Stephen White is Professor of Classics and Philosophy at the University of Texas at Austin, where he has taught in the Joint Graduate Program in Ancient Philosophy since 1988. His research centers on Aristotle, especially ethics and moral psychology, but ranges widely across classical philosophy and literature from early Greek science and astronomy to Stoic models of mind and action. He has just finished a translation of Diogenes Laertius’ Lives of Eminent Philosophers (for CUP), and current projects include work on several of Aristotle’s associates and on Parmenides.

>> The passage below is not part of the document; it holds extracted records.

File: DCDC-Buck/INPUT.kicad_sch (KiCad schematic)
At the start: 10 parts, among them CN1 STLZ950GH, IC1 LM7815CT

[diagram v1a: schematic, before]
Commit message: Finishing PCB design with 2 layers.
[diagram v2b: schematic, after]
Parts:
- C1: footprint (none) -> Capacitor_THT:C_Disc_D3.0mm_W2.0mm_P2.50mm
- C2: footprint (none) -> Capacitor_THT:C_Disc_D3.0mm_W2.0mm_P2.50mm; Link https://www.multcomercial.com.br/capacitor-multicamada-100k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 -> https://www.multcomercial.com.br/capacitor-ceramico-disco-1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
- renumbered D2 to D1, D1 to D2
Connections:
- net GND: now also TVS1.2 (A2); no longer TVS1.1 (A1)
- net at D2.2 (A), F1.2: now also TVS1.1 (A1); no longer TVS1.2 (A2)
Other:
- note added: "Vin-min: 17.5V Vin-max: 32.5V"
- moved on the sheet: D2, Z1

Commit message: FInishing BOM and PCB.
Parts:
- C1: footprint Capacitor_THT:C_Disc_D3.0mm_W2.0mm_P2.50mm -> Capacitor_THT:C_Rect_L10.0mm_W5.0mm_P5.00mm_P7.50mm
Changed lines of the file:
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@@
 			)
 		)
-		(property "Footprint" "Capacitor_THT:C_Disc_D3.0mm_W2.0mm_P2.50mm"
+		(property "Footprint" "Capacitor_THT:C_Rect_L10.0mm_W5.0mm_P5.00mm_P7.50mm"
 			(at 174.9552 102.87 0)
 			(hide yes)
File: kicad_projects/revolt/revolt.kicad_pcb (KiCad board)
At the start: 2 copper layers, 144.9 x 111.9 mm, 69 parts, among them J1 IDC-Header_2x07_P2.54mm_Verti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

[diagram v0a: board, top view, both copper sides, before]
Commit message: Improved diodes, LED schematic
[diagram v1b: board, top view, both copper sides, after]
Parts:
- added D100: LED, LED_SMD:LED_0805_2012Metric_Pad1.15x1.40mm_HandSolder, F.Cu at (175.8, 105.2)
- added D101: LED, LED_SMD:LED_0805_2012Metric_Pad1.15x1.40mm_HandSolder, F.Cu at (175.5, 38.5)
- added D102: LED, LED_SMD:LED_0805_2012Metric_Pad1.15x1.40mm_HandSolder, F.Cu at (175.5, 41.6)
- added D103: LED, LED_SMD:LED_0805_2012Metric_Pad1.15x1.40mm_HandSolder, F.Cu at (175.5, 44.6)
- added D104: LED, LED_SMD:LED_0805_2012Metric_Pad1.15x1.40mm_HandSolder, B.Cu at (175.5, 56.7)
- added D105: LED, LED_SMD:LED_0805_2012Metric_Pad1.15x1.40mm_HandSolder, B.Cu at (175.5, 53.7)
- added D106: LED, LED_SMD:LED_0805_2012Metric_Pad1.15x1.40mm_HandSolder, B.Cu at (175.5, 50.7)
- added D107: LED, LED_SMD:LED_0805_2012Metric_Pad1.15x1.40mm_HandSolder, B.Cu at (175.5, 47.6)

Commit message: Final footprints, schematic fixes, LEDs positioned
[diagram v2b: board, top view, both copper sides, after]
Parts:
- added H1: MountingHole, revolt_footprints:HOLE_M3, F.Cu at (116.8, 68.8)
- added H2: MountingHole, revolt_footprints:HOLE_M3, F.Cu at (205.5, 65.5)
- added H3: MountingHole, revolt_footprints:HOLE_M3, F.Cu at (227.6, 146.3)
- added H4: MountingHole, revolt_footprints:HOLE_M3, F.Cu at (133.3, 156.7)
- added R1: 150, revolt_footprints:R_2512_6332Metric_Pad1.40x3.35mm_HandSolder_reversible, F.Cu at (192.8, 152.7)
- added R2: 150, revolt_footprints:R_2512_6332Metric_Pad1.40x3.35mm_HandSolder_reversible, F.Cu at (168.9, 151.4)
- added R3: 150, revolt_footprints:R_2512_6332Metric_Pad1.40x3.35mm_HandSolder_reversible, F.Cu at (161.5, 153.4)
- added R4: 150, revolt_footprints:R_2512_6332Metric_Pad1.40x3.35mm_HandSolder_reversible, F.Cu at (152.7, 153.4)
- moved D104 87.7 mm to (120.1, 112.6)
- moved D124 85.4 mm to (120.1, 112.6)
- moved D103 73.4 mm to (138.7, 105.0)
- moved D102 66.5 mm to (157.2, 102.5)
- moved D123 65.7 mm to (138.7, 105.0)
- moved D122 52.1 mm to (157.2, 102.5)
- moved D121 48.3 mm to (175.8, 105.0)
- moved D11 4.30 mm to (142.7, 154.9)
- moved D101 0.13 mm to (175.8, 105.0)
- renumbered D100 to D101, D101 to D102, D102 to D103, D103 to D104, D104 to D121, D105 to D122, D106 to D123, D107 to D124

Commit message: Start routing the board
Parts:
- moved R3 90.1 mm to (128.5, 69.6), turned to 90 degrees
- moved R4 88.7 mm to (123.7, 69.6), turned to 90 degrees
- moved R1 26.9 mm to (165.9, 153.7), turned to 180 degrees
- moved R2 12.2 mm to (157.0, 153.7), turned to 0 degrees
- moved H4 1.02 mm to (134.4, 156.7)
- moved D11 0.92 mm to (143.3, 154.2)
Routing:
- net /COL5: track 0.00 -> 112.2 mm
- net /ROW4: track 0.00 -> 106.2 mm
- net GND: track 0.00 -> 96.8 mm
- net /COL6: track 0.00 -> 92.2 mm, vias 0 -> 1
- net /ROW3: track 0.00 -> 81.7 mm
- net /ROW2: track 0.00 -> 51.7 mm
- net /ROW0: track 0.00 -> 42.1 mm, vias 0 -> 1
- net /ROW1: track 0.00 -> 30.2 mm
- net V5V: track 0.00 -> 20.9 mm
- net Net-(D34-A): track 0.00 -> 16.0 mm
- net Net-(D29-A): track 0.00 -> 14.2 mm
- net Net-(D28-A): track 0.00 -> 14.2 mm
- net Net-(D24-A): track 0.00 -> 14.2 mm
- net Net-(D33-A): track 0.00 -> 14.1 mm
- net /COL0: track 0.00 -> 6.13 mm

KNOWLEDGE AND NECESSITY IN PARMENIDES

ABSTRACT

Parmenides is one of philosophy’s foundational figures, and also the first on record to recognize some key facts of astronomy. Yet on what remains a pervasive assessment of his writings, he advanced a bizarre form of entity monism: there is exactly one being, ungenerated, imperishable, and wholly immobile, undifferentiated, and unchanging, so that everything else we imagine there to be is in some way or other only apparent or illusory. What gives? Building on recent work by John Palmer and Michael Wedin among others, I propose a fundamental reassessment of Parmenides’ project that shifts its focus from ontology to epistemology, and from monism to modality. The key to his argument is a revolutionary conception of knowledge, which he first defines by universality, then deploys to articulate a complex notion of necessity. The upshot is an epistemic ideal that has for its content or objects only what is only and entirely so, which he also characterizes as necessary truth.